The other interviewers are finally finished. Christos Homenidis hands Kadare a
copy of his novel "The Voice", [La Voix], translated into French. Homenidis
realizes that in his biography, which graces the book's jacket, there is a
reference to the fact that his grandfather was one of the founders of the Greek
Communist Party. He blushes, possibly realizing how Kadare must have suffered at
the hands of Hodja's Communists. "Oh, do come and see me in Paris," Kadare
insists. "But how?" Homenidis wants to know. "Call my publisher and instruct him
to give you my telephone number. I live nearby. Oh, yes. I know that Costa Gavra
[famous Greek film director] also lives in that neighbourhood. We know each other
well," he adds. Homenidis and Kaplani depart, deeply enchanted, like schoolboys.
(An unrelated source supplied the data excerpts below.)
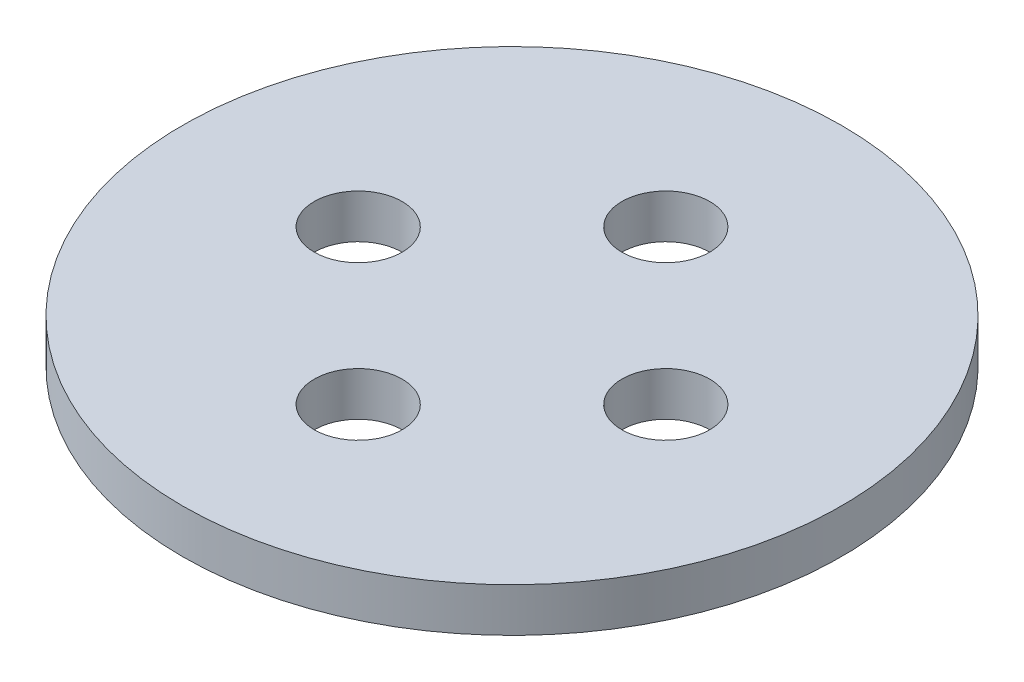
ISO-10303-21;
HEADER;
FILE_DESCRIPTION(('STEP AP214'),'2;1');
FILE_NAME('part.step','',(''),(''),'','','');
FILE_SCHEMA(('AUTOMOTIVE_DESIGN { 1 0 10303 214 1 1 1 1 }'));
ENDSEC;
DATA;
#1=APPLICATION_CONTEXT('core data for automotive mechanical design processes');
#2=APPLICATION_PROTOCOL_DEFINITION('international standard','automotive_design',2000,#1);
#3=PRODUCT_CONTEXT('',#1,'mechanical');
#4=PRODUCT('Part','Part','',(#3));
#5=PRODUCT_RELATED_PRODUCT_CATEGORY('part','',(#4));
#6=PRODUCT_DEFINITION_FORMATION('','',#4);
#7=PRODUCT_DEFINITION_CONTEXT('part definition',#1,'design');
#8=PRODUCT_DEFINITION('design','',#6,#7);
#9=PRODUCT_DEFINITION_SHAPE('','',#8);
#10=(LENGTH_UNIT() NAMED_UNIT(*) SI_UNIT(.MILLI.,.METRE.));
#11=(NAMED_UNIT(*) PLANE_ANGLE_UNIT() SI_UNIT($,.RADIAN.));
#12=(NAMED_UNIT(*) SI_UNIT($,.STERADIAN.) SOLID_ANGLE_UNIT());
#13=UNCERTAINTY_MEASURE_WITH_UNIT(LENGTH_MEASURE(1.E-05),#10,'distance_accuracy_value','');
#14=(GEOMETRIC_REPRESENTATION_CONTEXT(3) GLOBAL_UNCERTAINTY_ASSIGNED_CONTEXT((#13)) GLOBAL_UNIT_ASSIGNED_CONTEXT((#10,
#11,#12)) REPRESENTATION_CONTEXT('',''));
#15=CARTESIAN_POINT('',(0.,0.,0.));
#16=DIRECTION('',(0.,0.,1.));
#17=DIRECTION('',(1.,0.,0.));
#18=AXIS2_PLACEMENT_3D('',#15,#16,#17);
#19=CARTESIAN_POINT('',(0.,2.,0.));
#20=DIRECTION('',(0.,1.,0.));
#21=DIRECTION('',(0.,0.,1.));
#22=AXIS2_PLACEMENT_3D('',#19,#20,#21);
#23=PLANE('',#22);
#24=CARTESIAN_POINT('',(0.,2.,7.));
#25=DIRECTION('',(0.,1.,0.));
#26=DIRECTION('',(0.,0.,1.));
#27=AXIS2_PLACEMENT_3D('',#24,#25,#26);
#28=CIRCLE('',#27,2.);
#29=CARTESIAN_POINT('',(0.,2.,9.));
#30=VERTEX_POINT('',#29);
#31=EDGE_CURVE('E64',#30,#30,#28,.T.);
#32=ORIENTED_EDGE('',*,*,#31,.F.);
#33=EDGE_LOOP('',(#32));
#34=FACE_BOUND('',#33,.T.);
#35=CARTESIAN_POINT('',(0.,2.,-7.));
#36=DIRECTION('',(0.,1.,0.));
#37=DIRECTION('',(0.,0.,1.));
#38=AXIS2_PLACEMENT_3D('',#35,#36,#37);
#39=CIRCLE('',#38,2.);
#40=CARTESIAN_POINT('',(0.,2.,-5.));
#41=VERTEX_POINT('',#40);
#42=EDGE_CURVE('E50',#41,#41,#39,.T.);
#43=ORIENTED_EDGE('',*,*,#42,.F.);
#44=EDGE_LOOP('',(#43));
#45=FACE_BOUND('',#44,.T.);
#46=CARTESIAN_POINT('',(0.,2.,0.));
#47=DIRECTION('',(0.,1.,0.));
#48=DIRECTION('',(0.,0.,1.));
#49=AXIS2_PLACEMENT_3D('',#46,#47,#48);
#50=CIRCLE('',#49,15.);
#51=CARTESIAN_POINT('',(0.,2.,15.));
#52=VERTEX_POINT('',#51);
#53=EDGE_CURVE('E10',#52,#52,#50,.T.);
#54=ORIENTED_EDGE('',*,*,#53,.T.);
#55=EDGE_LOOP('',(#54));
#56=FACE_BOUND('',#55,.T.);
#57=CARTESIAN_POINT('',(7.,2.,0.));
#58=DIRECTION('',(0.,1.,0.));
#59=DIRECTION('',(0.,0.,1.));
#60=AXIS2_PLACEMENT_3D('',#57,#58,#59);
#61=CIRCLE('',#60,2.);
#62=CARTESIAN_POINT('',(7.,2.,2.00000000000002));
#63=VERTEX_POINT('',#62);
#64=EDGE_CURVE('E56',#63,#63,#61,.T.);
#65=ORIENTED_EDGE('',*,*,#64,.F.);
#66=EDGE_LOOP('',(#65));
#67=FACE_BOUND('',#66,.T.);
#68=CARTESIAN_POINT('',(-7.,2.,0.));
#69=DIRECTION('',(0.,1.,0.));
#70=DIRECTION('',(0.,0.,1.));
#71=AXIS2_PLACEMENT_3D('',#68,#69,#70);
#72=CIRCLE('',#71,2.);
#73=CARTESIAN_POINT('',(-7.,2.,1.99999999999993));
#74=VERTEX_POINT('',#73);
#75=EDGE_CURVE('E72',#74,#74,#72,.T.);
#76=ORIENTED_EDGE('',*,*,#75,.F.);
#77=EDGE_LOOP('',(#76));
#78=FACE_BOUND('',#77,.T.);
#79=ADVANCED_FACE('F37',(#34,#45,#56,#67,#78),#23,.T.);
#80=CARTESIAN_POINT('',(0.,0.,0.));
#81=DIRECTION('',(0.,1.,0.));
#82=DIRECTION('',(0.,0.,1.));
#83=AXIS2_PLACEMENT_3D('',#80,#81,#82);
#84=PLANE('',#83);
#85=CARTESIAN_POINT('',(0.,0.,0.));
#86=DIRECTION('',(0.,1.,0.));
#87=DIRECTION('',(0.,0.,1.));
#88=AXIS2_PLACEMENT_3D('',#85,#86,#87);
#89=CIRCLE('',#88,15.);
#90=CARTESIAN_POINT('',(0.,0.,15.));
#91=VERTEX_POINT('',#90);
#92=EDGE_CURVE('E41',#91,#91,#89,.T.);
#93=ORIENTED_EDGE('',*,*,#92,.F.);
#94=EDGE_LOOP('',(#93));
#95=FACE_BOUND('',#94,.T.);
#96=CARTESIAN_POINT('',(0.,0.,-7.));
#97=DIRECTION('',(0.,1.,0.));
#98=DIRECTION('',(0.,0.,1.));
#99=AXIS2_PLACEMENT_3D('',#96,#97,#98);
#100=CIRCLE('',#99,2.);
#101=CARTESIAN_POINT('',(0.,0.,-5.));
#102=VERTEX_POINT('',#101);
#103=EDGE_CURVE('E52',#102,#102,#100,.T.);
#104=ORIENTED_EDGE('',*,*,#103,.T.);
#105=EDGE_LOOP('',(#104));
#106=FACE_BOUND('',#105,.T.);
#107=CARTESIAN_POINT('',(7.,0.,0.));
#108=DIRECTION('',(0.,1.,0.));
#109=DIRECTION('',(0.,0.,1.));
#110=AXIS2_PLACEMENT_3D('',#107,#108,#109);
#111=CIRCLE('',#110,2.);
#112=CARTESIAN_POINT('',(7.,0.,2.00000000000002));
#113=VERTEX_POINT('',#112);
#114=EDGE_CURVE('E60',#113,#113,#111,.T.);
#115=ORIENTED_EDGE('',*,*,#114,.T.);
#116=EDGE_LOOP('',(#115));
#117=FACE_BOUND('',#116,.T.);
#118=CARTESIAN_POINT('',(0.,0.,7.));
#119=DIRECTION('',(0.,1.,0.));
#120=DIRECTION('',(0.,0.,1.));
#121=AXIS2_PLACEMENT_3D('',#118,#119,#120);
#122=CIRCLE('',#121,2.);
#123=CARTESIAN_POINT('',(0.,0.,9.));
#124=VERTEX_POINT('',#123);
#125=EDGE_CURVE('E68',#124,#124,#122,.T.);
#126=ORIENTED_EDGE('',*,*,#125,.T.);
#127=EDGE_LOOP('',(#126));
#128=FACE_BOUND('',#127,.T.);
#129=CARTESIAN_POINT('',(-7.,0.,0.));
#130=DIRECTION('',(0.,1.,0.));
#131=DIRECTION('',(0.,0.,1.));
#132=AXIS2_PLACEMENT_3D('',#129,#130,#131);
#133=CIRCLE('',#132,2.);
#134=CARTESIAN_POINT('',(-7.,0.,1.99999999999993));
#135=VERTEX_POINT('',#134);
#136=EDGE_CURVE('E76',#135,#135,#133,.T.);
#137=ORIENTED_EDGE('',*,*,#136,.T.);
#138=EDGE_LOOP('',(#137));
#139=FACE_BOUND('',#138,.T.);
#140=ADVANCED_FACE('F88',(#95,#106,#117,#128,#139),#84,.F.);
#141=CARTESIAN_POINT('',(0.,2.,0.));
#142=DIRECTION('',(0.,-1.,0.));
#143=DIRECTION('',(0.,0.,-1.));
#144=AXIS2_PLACEMENT_3D('',#141,#142,#143);
#145=CYLINDRICAL_SURFACE('',#144,15.);
#146=ORIENTED_EDGE('',*,*,#53,.F.);
#147=EDGE_LOOP('',(#146));
#148=FACE_BOUND('',#147,.T.);
#149=ORIENTED_EDGE('',*,*,#92,.T.);
#150=EDGE_LOOP('',(#149));
#151=FACE_BOUND('',#150,.T.);
#152=ADVANCED_FACE('F39',(#148,#151),#145,.T.);
#153=CARTESIAN_POINT('',(0.,2.,-7.));
#154=DIRECTION('',(0.,-1.,0.));
#155=DIRECTION('',(0.,0.,-1.));
#156=AXIS2_PLACEMENT_3D('',#153,#154,#155);
#157=CYLINDRICAL_SURFACE('',#156,2.);
#158=ORIENTED_EDGE('',*,*,#42,.T.);
#159=EDGE_LOOP('',(#158));
#160=FACE_BOUND('',#159,.T.);
#161=ORIENTED_EDGE('',*,*,#103,.F.);
#162=EDGE_LOOP('',(#161));
#163=FACE_BOUND('',#162,.T.);
#164=ADVANCED_FACE('F98',(#160,#163),#157,.F.);
#165=CARTESIAN_POINT('',(7.,2.,0.));
#166=DIRECTION('',(0.,-1.,0.));
#167=DIRECTION('',(0.,0.,-1.));
#168=AXIS2_PLACEMENT_3D('',#165,#166,#167);
#169=CYLINDRICAL_SURFACE('',#168,2.);
#170=ORIENTED_EDGE('',*,*,#64,.T.);
#171=EDGE_LOOP('',(#170));
#172=FACE_BOUND('',#171,.T.);
#173=ORIENTED_EDGE('',*,*,#114,.F.);
#174=EDGE_LOOP('',(#173));
#175=FACE_BOUND('',#174,.T.);
#176=ADVANCED_FACE('F101',(#172,#175),#169,.F.);
#177=CARTESIAN_POINT('',(0.,2.,7.));
#178=DIRECTION('',(0.,-1.,0.));
#179=DIRECTION('',(0.,0.,-1.));
#180=AXIS2_PLACEMENT_3D('',#177,#178,#179);
#181=CYLINDRICAL_SURFACE('',#180,2.);
#182=ORIENTED_EDGE('',*,*,#31,.T.);
#183=EDGE_LOOP('',(#182));
#184=FACE_BOUND('',#183,.T.);
#185=ORIENTED_EDGE('',*,*,#125,.F.);
#186=EDGE_LOOP('',(#185));
#187=FACE_BOUND('',#186,.T.);
#188=ADVANCED_FACE('F105',(#184,#187),#181,.F.);
#189=CARTESIAN_POINT('',(-7.,2.,0.));
#190=DIRECTION('',(0.,-1.,0.));
#191=DIRECTION('',(0.,0.,-1.));
#192=AXIS2_PLACEMENT_3D('',#189,#190,#191);
#193=CYLINDRICAL_SURFACE('',#192,2.);
#194=ORIENTED_EDGE('',*,*,#75,.T.);
#195=EDGE_LOOP('',(#194));
#196=FACE_BOUND('',#195,.T.);
#197=ORIENTED_EDGE('',*,*,#136,.F.);
#198=EDGE_LOOP('',(#197));
#199=FACE_BOUND('',#198,.T.);
#200=ADVANCED_FACE('F84',(#196,#199),#193,.F.);
#201=CLOSED_SHELL('',(#79,#140,#152,#164,#176,#188,#200));
#202=MANIFOLD_SOLID_BREP('B2',#201);
#203=ADVANCED_BREP_SHAPE_REPRESENTATION('',(#18,#202),#14);
#204=SHAPE_DEFINITION_REPRESENTATION(#9,#203);
ENDSEC;
END-ISO-10303-21;

"We have but a few minutes. I shall have to leave, as you understand," Mr. Kadare
politely informs me, in heavily accented but perfect French. Despite his age (he
just turned 71), he doesn't seem at all tired. We discuss his role as Albania's
national writer. "I despise that title. I find it annoying. In the Balkans, people
ask too much of their authors". We talk about where he grew up: "In a big house. I
had a happy childhood. And as an adolescent, I was equally happy. I don't believe
in all that nonsense, that in order for one to become a writer, you have to suffer
during your youth". Does he ever feel guilty about having survived and not ending
up in front of a firing squad, like the ones he describes in his books? "I did
what I could. You cannot feel guilty for surviving. I find that grotesque! I am
neither an optimist, nor a pessimist, in the way I see the world. Life is not one
or the other. It's both". And how about the strange relationship between Albania
and China, in the fairly recent past? He laughs. "You know, back then, for the
Chinese, we were the West! They looked up to us! Isn't it odd? Yes, I did visit
China during the Cultural Revolution... There are many Chinese in Albania today.
They were the first foreigners to come when the borders were opened. They are
model citizens!" And his views on the Albanian ethnic minority in Greece? "I am
not here to defend the criminal element. But I believe that the rest are not
treated well [by the Greeks]. There is a permanent misunderstanding." Does he
prefer Paris or Albania? "When I'm in Albania, I have lots of fun and do not get
as much work done as I would like. It's interesting. The unexpected is always just
around the corner."

He seems to be getting anxious. The phone rings. Time's up! He laughs nervously. I
didn't ask him if he believes that he'll receive the Nobel Prize for literature.
His wife, the tall and blonde Elena is waiting for him in the hotel lobby. They
exit.

==ENDS==

Translation notes:

*A mall in central Athens, with many Greek publishers’ retail outlets under one
roof

**Greeks refer to Albanian immigrants of Albanian ethnic origin as ‘Alvanoi’


(Albanians). Albanians of Greek ethnic origin are referred to as ‘Vorio-Ipirotes’,
i.e. ‘people of Northern Epirus’.

This is a reflection on the region’s history and the latent racism Greeks feel
towards immigrants. Hence the nuanced question “Albanians or people of Northern
Epirus -does it matter?”

Immigrants make up nearly one-fifth of the work force in Greece and immigrants
originally from Albania make up more than one-half of that number.